# Rosemary bush branches - safe to use in the aquarium?



## ironklad (Apr 14, 2013)

I nabbed these from my parents' old rosemary bush that they pruned recently. They look really cool, but my concern is any oils etc that might leach out of the wood. The branches were cut a couple months ago, so the wood is already pretty well dried out. I'm currently soaking the branches in a big tub of water, and will continue soaking them for at least a month before they go into an aquarium.

Pic 1

Pic 2


----------



## Kehy (Apr 19, 2011)

I wouldn't use any kind of evergreen (pine, cedar, rosemary) in a tank because of all the resins and oils that are in them. The branches do look cool, but there's probably better places to use them than in a tank


----------



## ironklad (Apr 14, 2013)

Thanks. Would there be any benefit to soaking them for a very long time, or is stuff going to leach out of them indefinitely?


----------



## majerah1 (Oct 29, 2010)

Nope, they have way too much sap in them.
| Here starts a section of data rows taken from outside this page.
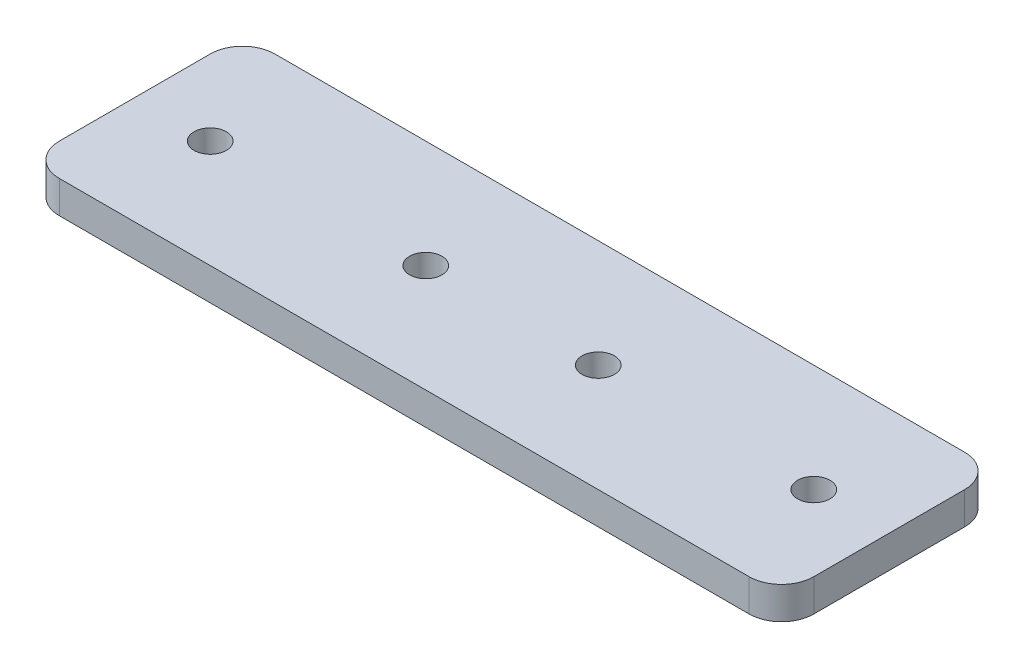
from build123d import *

# Parameters (mm, degrees)
SKETCH1_R           = 1.5
BOSS_EXTRUDE1_DEPTH = 3


with BuildPart() as part:
    # Sketch1 → Boss-Extrude1 (new body)
    with BuildSketch(Plane(origin=(0, 0, 0), x_dir=(1, 0, 0), z_dir=(0, 1, 0))):
        with BuildLine():
            Line((-32, 10), (32, 10))
            ThreePointArc((32, 10), (34.121320344, 9.121320344), (35, 7))
            Line((35, 7), (35, -7))
            ThreePointArc((35, -7), (34.121320344, -9.121320344), (32, -10))
            Line((32, -10), (-32, -10))
            ThreePointArc((-32, -10), (-34.121320344, -9.121320344), (-35, -7))
            Line((-35, -7), (-35, 7))
            ThreePointArc((-35, 7), (-34.121320344, 9.121320344), (-32, 10))
        make_face()
        with Locations((8, 0)):
            Circle(SKETCH1_R, mode=Mode.SUBTRACT)
        with Locations((-8, 0)):
            Circle(SKETCH1_R, mode=Mode.SUBTRACT)
        with Locations((28, 0)):
            Circle(SKETCH1_R, mode=Mode.SUBTRACT)
        with Locations((-28, 0)):
            Circle(SKETCH1_R, mode=Mode.SUBTRACT)
    extrude(amount=BOSS_EXTRUDE1_DEPTH)


solid = part.part
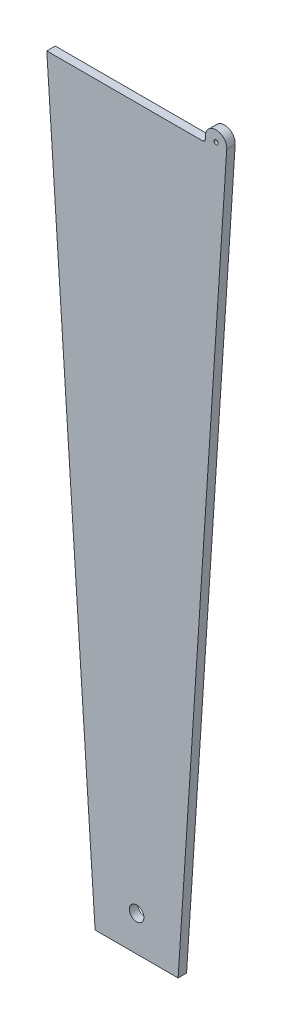
from build123d import *

# Parameters (mm, degrees)
EXTRUDE1_DEPTH     = 1.56
SKETCH2_R          = 1.3462
CUT_EXTRUDE2_DEPTH = 2.56
EXTRUDE2_DEPTH     = 1.56
FILLET1_R          = 0.5
SKETCH5_R          = 0.396875
EXTRUDE3_DEPTH     = 2.56


with BuildPart() as part:
    # Sketch1 → Extrude1 (new body)
    with BuildSketch(Plane.XY):
        Polygon((-7.655500537, 35), (7.655500537, 35), (16.56941148, 171), (-16.56941148, 171), align=None)
    extrude(amount=EXTRUDE1_DEPTH)

    # Sketch2 → Cut-Extrude2 (cut, through all)
    with BuildSketch(Plane(origin=(2.513247729, -24.95744912, 1.56), x_dir=(1, 0, 0), z_dir=(0, 0, 1))):
        with Locations((-2.513247729, 66.45744912)):
            Circle(SKETCH2_R)
    extrude(amount=-CUT_EXTRUDE2_DEPTH, mode=Mode.SUBTRACT)

    # Sketch4 → Extrude2 (add)
    with BuildSketch(Plane(origin=(0, 0, 0), x_dir=(-1, 0, 0), z_dir=(0, 0, -1))):
        with BuildLine():
            Line((-16.56941148, 171), (-16.628059301, 171.894792828))
            ThreePointArc((-16.628059301, 171.894792828), (-14.720969619, 173.99894204), (-12.68034522, 172.024027605))
            Line((-12.68034522, 172.024027605), (-12.68034522, 171))
            Line((-12.68034522, 171), (-16.56941148, 171))
        make_face()
    extrude(amount=-EXTRUDE2_DEPTH)

    # Fillet1
    fillet1_edges = [part.edges().sort_by_distance(p)[0] for p in [
        (12.68034522, 171, 0.78),
    ]]
    fillet(fillet1_edges, radius=FILLET1_R)

    # Sketch5 → Extrude3 (cut, through all)
    with BuildSketch(Plane.XY.offset(1.56)):
        with Locations((14.656317615, 172.024027605)):
            Circle(SKETCH5_R)
    extrude(amount=-EXTRUDE3_DEPTH, mode=Mode.SUBTRACT)


solid = part.part
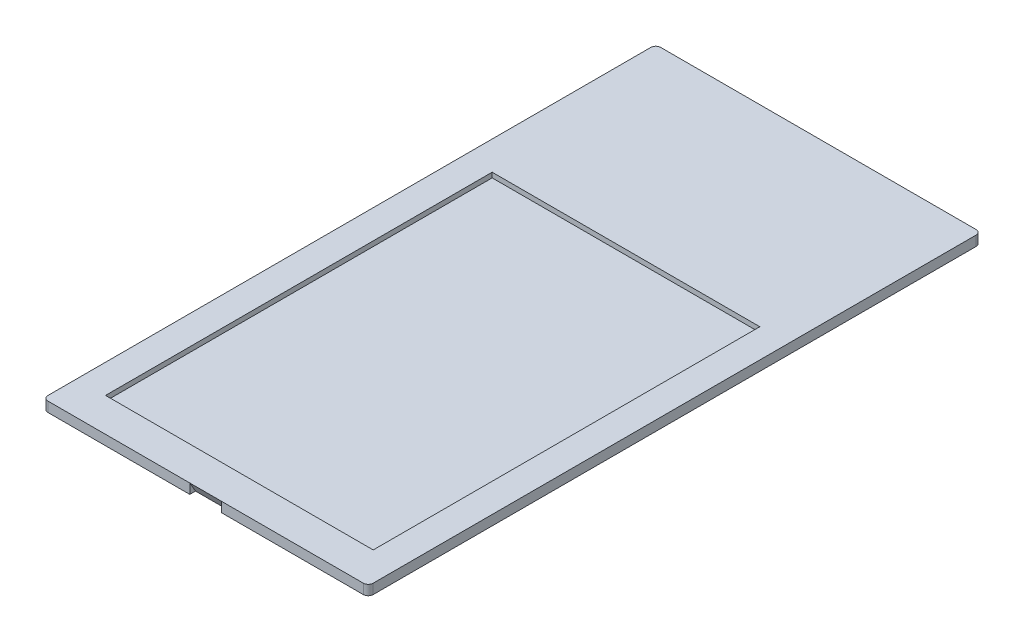
from build123d import *

# Parameters (mm, degrees)
SKETCH_1_W          = 65.6
SKETCH_1_H          = 123.6
EXTRUDE_1_DEPTH     = 2
CUT_EXTRUDE_3_DEPTH = 3.2
SKETCH_3_W          = 54
SKETCH_3_H          = 78
CUT_EXTRUDE_2_DEPTH = 1
FILLET_1_R          = 1


with BuildPart() as part:
    # 草图1 → 凸台-拉伸1 (new body)
    with BuildSketch(Plane(origin=(0, 0, 0), x_dir=(1, 0, 0), z_dir=(0, 1, 0))):
        with Locations((0, -64)):
            Rectangle(SKETCH_1_W, SKETCH_1_H)
    extrude(amount=-EXTRUDE_1_DEPTH)

    # 草图4 → 切除-拉伸3 (cut, symmetric)
    with BuildSketch(Plane(origin=(0, 0, 0), x_dir=(0, 0, -1), z_dir=(1, 0, 0))):
        Polygon((-125.8, 0), (-124.645299462, -2), (-125.8, -2), align=None)
        Polygon((-2.2, 0), (-2.2, -2), (-3.354700538, -2), align=None)
    extrude(amount=CUT_EXTRUDE_3_DEPTH, both=True, mode=Mode.SUBTRACT)

    # 草图3 → 切除-拉伸2 (cut)
    with BuildSketch(Plane(origin=(0, 0, 0), x_dir=(1, 0, 0), z_dir=(0, 1, 0))):
        with Locations((0, -80)):
            Rectangle(SKETCH_3_W, SKETCH_3_H)
    extrude(amount=-CUT_EXTRUDE_2_DEPTH, mode=Mode.SUBTRACT)

    # 圆角1
    fillet_1_edges = [part.edges().sort_by_distance(p)[0] for p in [
        (32.8, -1, 125.8),
        (32.8, -1, 2.2),
        (-32.8, -1, 2.2),
        (-32.8, -1, 125.8),
    ]]
    fillet(fillet_1_edges, radius=FILLET_1_R)


solid = part.part

Best to have them around the tank or somewhere for accents, and find a source of Manzanita.


----------



## ironklad (Apr 14, 2013)

Cool, thanks for the replies. Actually, having them on the outside of the tank might be a good idea. I have plans to put some plants and decorations around the outside of my big tank once I set that up, maybe I can use the branches there.


----------